(Stored entries)
━━━━━━━━━━━━━━━━━━━━━━━━━━━━━━

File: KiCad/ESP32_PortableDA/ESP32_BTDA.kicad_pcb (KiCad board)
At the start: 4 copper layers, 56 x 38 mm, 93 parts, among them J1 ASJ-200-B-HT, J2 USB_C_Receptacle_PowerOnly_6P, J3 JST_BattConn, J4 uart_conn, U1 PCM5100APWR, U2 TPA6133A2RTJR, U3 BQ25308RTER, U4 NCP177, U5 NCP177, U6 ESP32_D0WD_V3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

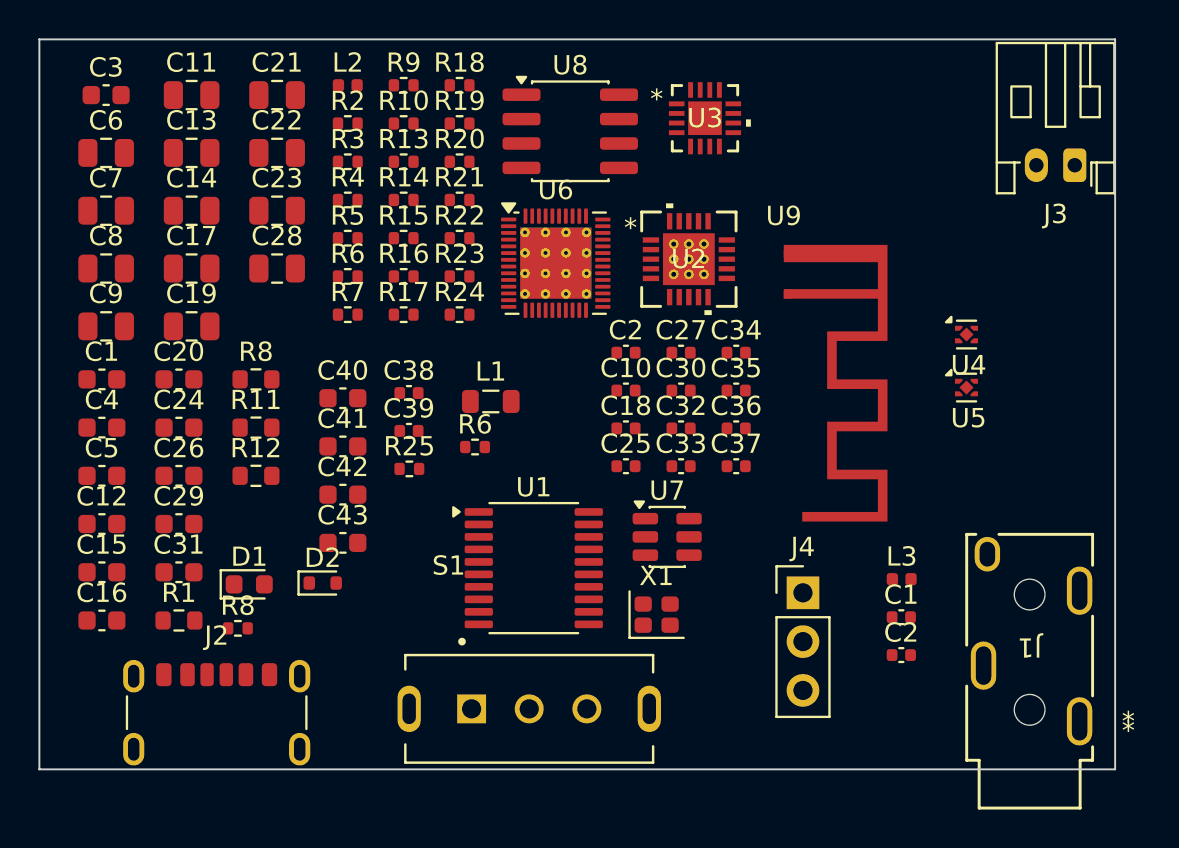
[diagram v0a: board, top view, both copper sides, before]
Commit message: Updated Schematic
added mounting holes, finished revision one, and unplaced/routed board (undone)
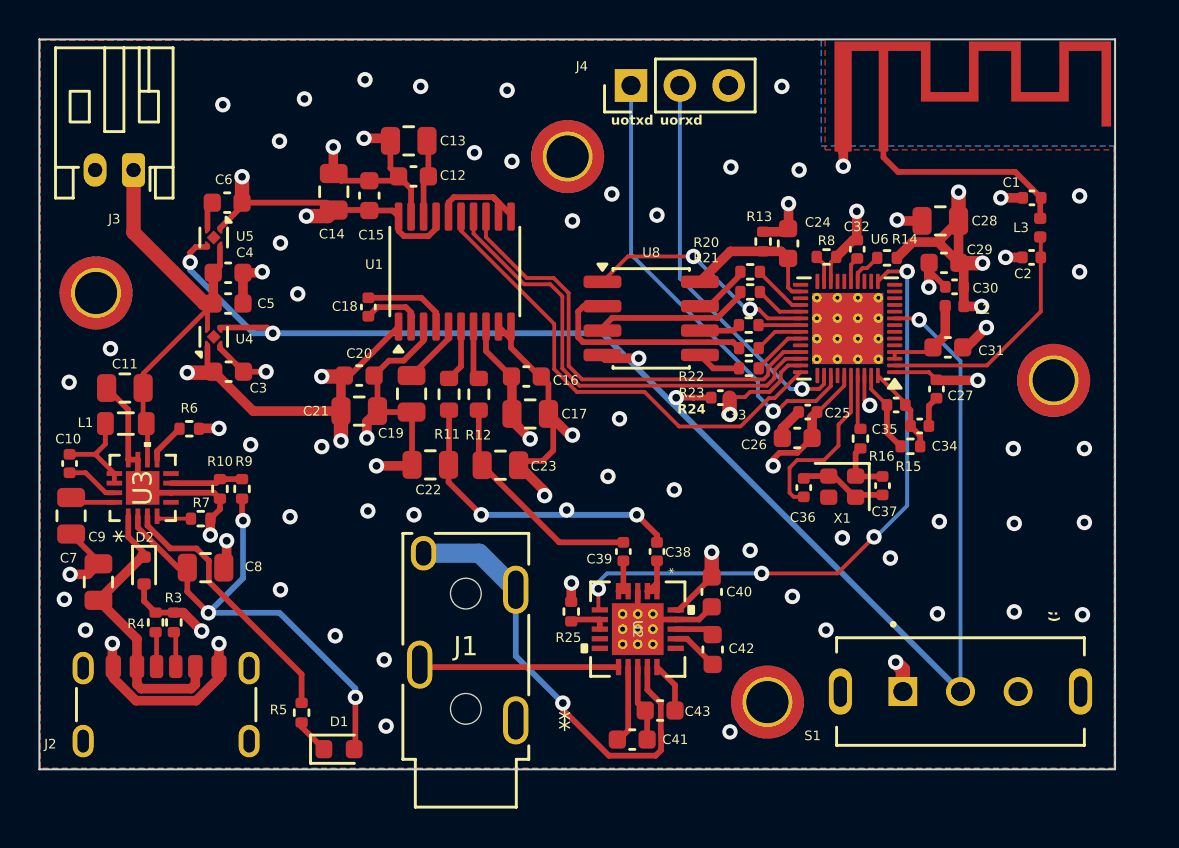
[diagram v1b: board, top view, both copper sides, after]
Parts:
- removed the C1 at (120.2, 90.4)
- removed the C2 at (147.5, 89.0)
- removed R1: R, Resistor_SMD:R_0603_1608Metric
- removed R17, R18, R19: 0, Resistor_SMD:R_0402_1005Metric
- removed R2: R, Resistor_SMD:R_0402_1005Metric
- removed the R6 at (133.0, 85.0)
- removed the R8 at (128.2, 90.4)
- removed U7: USBLC6-2SC6, Package_TO_SOT_SMD:SOT-23-6
- added H1: MountingHole, MountingHole:MountingHole_2.2mm_M2_DIN965_Pad_TopBottom, F.Cu at (154.8, 107.2)
- added H2: MountingHole, MountingHole:MountingHole_2.2mm_M2_DIN965_Pad_TopBottom, F.Cu at (119.9, 85.9)
- added H3: MountingHole, MountingHole:MountingHole_2.2mm_M2_DIN965_Pad_TopBottom, F.Cu at (144.4, 78.8)
- added H4: MountingHole, MountingHole:MountingHole_2.2mm_M2_DIN965_Pad_TopBottom, F.Cu at (169.8, 90.5)
- C6: footprint Capacitor_SMD:C_0805_2012Metric -> Capacitor_SMD:C_0603_1608Metric
- moved J3 49.0 mm to (121.8, 79.5)
- moved C29 42.1 mm to (164.0, 84.3), turned to 180 degrees
- moved C31 41.7 mm to (164.2, 88.7)
- moved U5 40.0 mm to (126.0, 83.0), turned to -90 degrees
- moved U4 39.2 mm to (126.0, 88.2), turned to 90 degrees
- moved R8 36.2 mm to (157.9, 84.0)
- moved U3 35.0 mm to (122.3, 96.1), turned to 90 degrees
- moved C28 34.6 mm to (163.8, 82.2), turned to 180 degrees
- moved L2 33.6 mm to (164.6, 86.6), turned to 180 degrees
- moved C24 33.1 mm to (155.9, 83.3), turned to 90 degrees
- moved C26 32.2 mm to (156.4, 93.5), turned to 180 degrees
- moved J1 29.4 mm to (141.8, 108.2)
- moved C10 29.2 mm to (118.5, 94.8), turned to 90 degrees
- moved R15 28.5 mm to (162.3, 93.9), turned to 180 degrees
- moved J4 27.9 mm to (147.8, 75.1), turned to 90 degrees
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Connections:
- net Net-(U2-TEST1) renamed /test
- net Net-(U3-TS) renamed /ts
- net Net-(U6-MTDI) renamed /mtdi
- C18 pad 1: /cap1 -> /capp
- U1 pad 10: /demp -> GND
- U1 pad 11: /flt -> GND
- U1 pad 16: /fmt -> GND
- U1 pad 2: /cap1 -> /capp
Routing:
- net VAA: track 0.00 -> 212.0 mm, vias 0 -> 13
- net GND: track 0.00 -> 123.1 mm, vias 0 -> 75
- net /en: track 0.00 -> 75.5 mm, vias 0 -> 3
- net VDD: track 0.00 -> 65.8 mm, vias 0 -> 3
- net /sd: track 0.00 -> 33.1 mm, vias 0 -> 4
- net /regn: track 0.00 -> 26.0 mm, vias 0 -> 3
- net /lrck: track 0.00 -> 25.2 mm
- net /din: track 0.00 -> 24.2 mm
- net /uotxd: track 0.00 -> 24.1 mm, vias 0 -> 1
- net /con_t: track 0.00 -> 23.7 mm, vias 0 -> 1
- net /bck: track 0.00 -> 23.6 mm
- net +BATT: track 0.00 -> 23.4 mm
- net /uorxd: track 0.00 -> 20.5 mm, vias 0 -> 1
- net /loutl: track 0.00 -> 16.2 mm, vias 0 -> 2
- net VBUS: track 0.00 -> 15.1 mm
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- added copper zone on B.Cu, net GND
- added copper zone on F.Cu, net GND
- added copper zone on In1.Cu, net GND
- added copper zone on F.Cu, net VAA
- added copper zone on In2.Cu, net VAA
- added copper zone on In2.Cu, net VDD
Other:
- rule pad_to_mask_clearance: 0 -> 0.1
- board text added: ";)"
- board text added: "Rev. 1.0"
- board text added: "uorxd"
- board text added: "uotxd"

━━━━━━━━━━━━━━━━━━━━━━━━━━━━━━

Task objective –
What is needed is every record above printed exactly, with no pictures.

Response –
File: KiCad/ESP32_PortableDA/ESP32_BTDA.kicad_pcb (KiCad board)
At the start: 4 copper layers, 56 x 38 mm, 93 parts, among them J1 ASJ-200-B-HT, J2 USB_C_Receptacle_PowerOnly_6P, J3 JST_BattConn, J4 uart_conn, U1 PCM5100APWR, U2 TPA6133A2RTJR, U3 BQ25308RTER, U4 NCP177, U5 NCP177, U6 ESP32_D0WD_V3

[diagram v0a: board, top view, both copper sides, before]
Commit message: Updated Schematic
added mounting holes, finished revision one, and unplaced/routed board (undone)
[diagram v1b: board, top view, both copper sides, after]
Parts:
- removed the C1 at (120.2, 90.4)
- removed the C2 at (147.5, 89.0)
- removed R1: R, Resistor_SMD:R_0603_1608Metric
- removed R17, R18, R19: 0, Resistor_SMD:R_0402_1005Metric
- removed R2: R, Resistor_SMD:R_0402_1005Metric
- removed the R6 at (133.0, 85.0)
- removed the R8 at (128.2, 90.4)
- removed U7: USBLC6-2SC6, Package_TO_SOT_SMD:SOT-23-6
- added H1: MountingHole, MountingHole:MountingHole_2.2mm_M2_DIN965_Pad_TopBottom, F.Cu at (154.8, 107.2)
- added H2: MountingHole, MountingHole:MountingHole_2.2mm_M2_DIN965_Pad_TopBottom, F.Cu at (119.9, 85.9)
- added H3: MountingHole, MountingHole:MountingHole_2.2mm_M2_DIN965_Pad_TopBottom, F.Cu at (144.4, 78.8)
- added H4: MountingHole, MountingHole:MountingHole_2.2mm_M2_DIN965_Pad_TopBottom, F.Cu at (169.8, 90.5)
- C6: footprint Capacitor_SMD:C_0805_2012Metric -> Capacitor_SMD:C_0603_1608Metric
- moved J3 49.0 mm to (121.8, 79.5)
- moved C29 42.1 mm to (164.0, 84.3), turned to 180 degrees
- moved C31 41.7 mm to (164.2, 88.7)
- moved U5 40.0 mm to (126.0, 83.0), turned to -90 degrees
- moved U4 39.2 mm to (126.0, 88.2), turned to 90 degrees
- moved R8 36.2 mm to (157.9, 84.0)
- moved U3 35.0 mm to (122.3, 96.1), turned to 90 degrees
- moved C28 34.6 mm to (163.8, 82.2), turned to 180 degrees
- moved L2 33.6 mm to (164.6, 86.6), turned to 180 degrees
- moved C24 33.1 mm to (155.9, 83.3), turned to 90 degrees
- moved C26 32.2 mm to (156.4, 93.5), turned to 180 degrees
- moved J1 29.4 mm to (141.8, 108.2)
- moved C10 29.2 mm to (118.5, 94.8), turned to 90 degrees
- moved R15 28.5 mm to (162.3, 93.9), turned to 180 degrees
- moved J4 27.9 mm to (147.8, 75.1), turned to 90 degrees
Connections:
- net Net-(U2-TEST1) renamed /test
- net Net-(U3-TS) renamed /ts
- net Net-(U6-MTDI) renamed /mtdi
- C18 pad 1: /cap1 -> /capp
- U1 pad 10: /demp -> GND
- U1 pad 11: /flt -> GND
- U1 pad 16: /fmt -> GND
- U1 pad 2: /cap1 -> /capp
Routing:
- net VAA: track 0.00 -> 212.0 mm, vias 0 -> 13
- net GND: track 0.00 -> 123.1 mm, vias 0 -> 75
- net /en: track 0.00 -> 75.5 mm, vias 0 -> 3
- net VDD: track 0.00 -> 65.8 mm, vias 0 -> 3
- net /sd: track 0.00 -> 33.1 mm, vias 0 -> 4
- net /regn: track 0.00 -> 26.0 mm, vias 0 -> 3
- net /lrck: track 0.00 -> 25.2 mm
- net /din: track 0.00 -> 24.2 mm
- net /uotxd: track 0.00 -> 24.1 mm, vias 0 -> 1
- net /con_t: track 0.00 -> 23.7 mm, vias 0 -> 1
- net /bck: track 0.00 -> 23.6 mm
- net +BATT: track 0.00 -> 23.4 mm
- net /uorxd: track 0.00 -> 20.5 mm, vias 0 -> 1
- net /loutl: track 0.00 -> 16.2 mm, vias 0 -> 2
- net VBUS: track 0.00 -> 15.1 mm
- added copper zone on B.Cu, net GND
- added copper zone on F.Cu, net GND
- added copper zone on In1.Cu, net GND
- added copper zone on F.Cu, net VAA
- added copper zone on In2.Cu, net VAA
- added copper zone on In2.Cu, net VDD
Other:
- rule pad_to_mask_clearance: 0 -> 0.1
- board text added: ";)"
- board text added: "Rev. 1.0"
- board text added: "uorxd"
- board text added: "uotxd"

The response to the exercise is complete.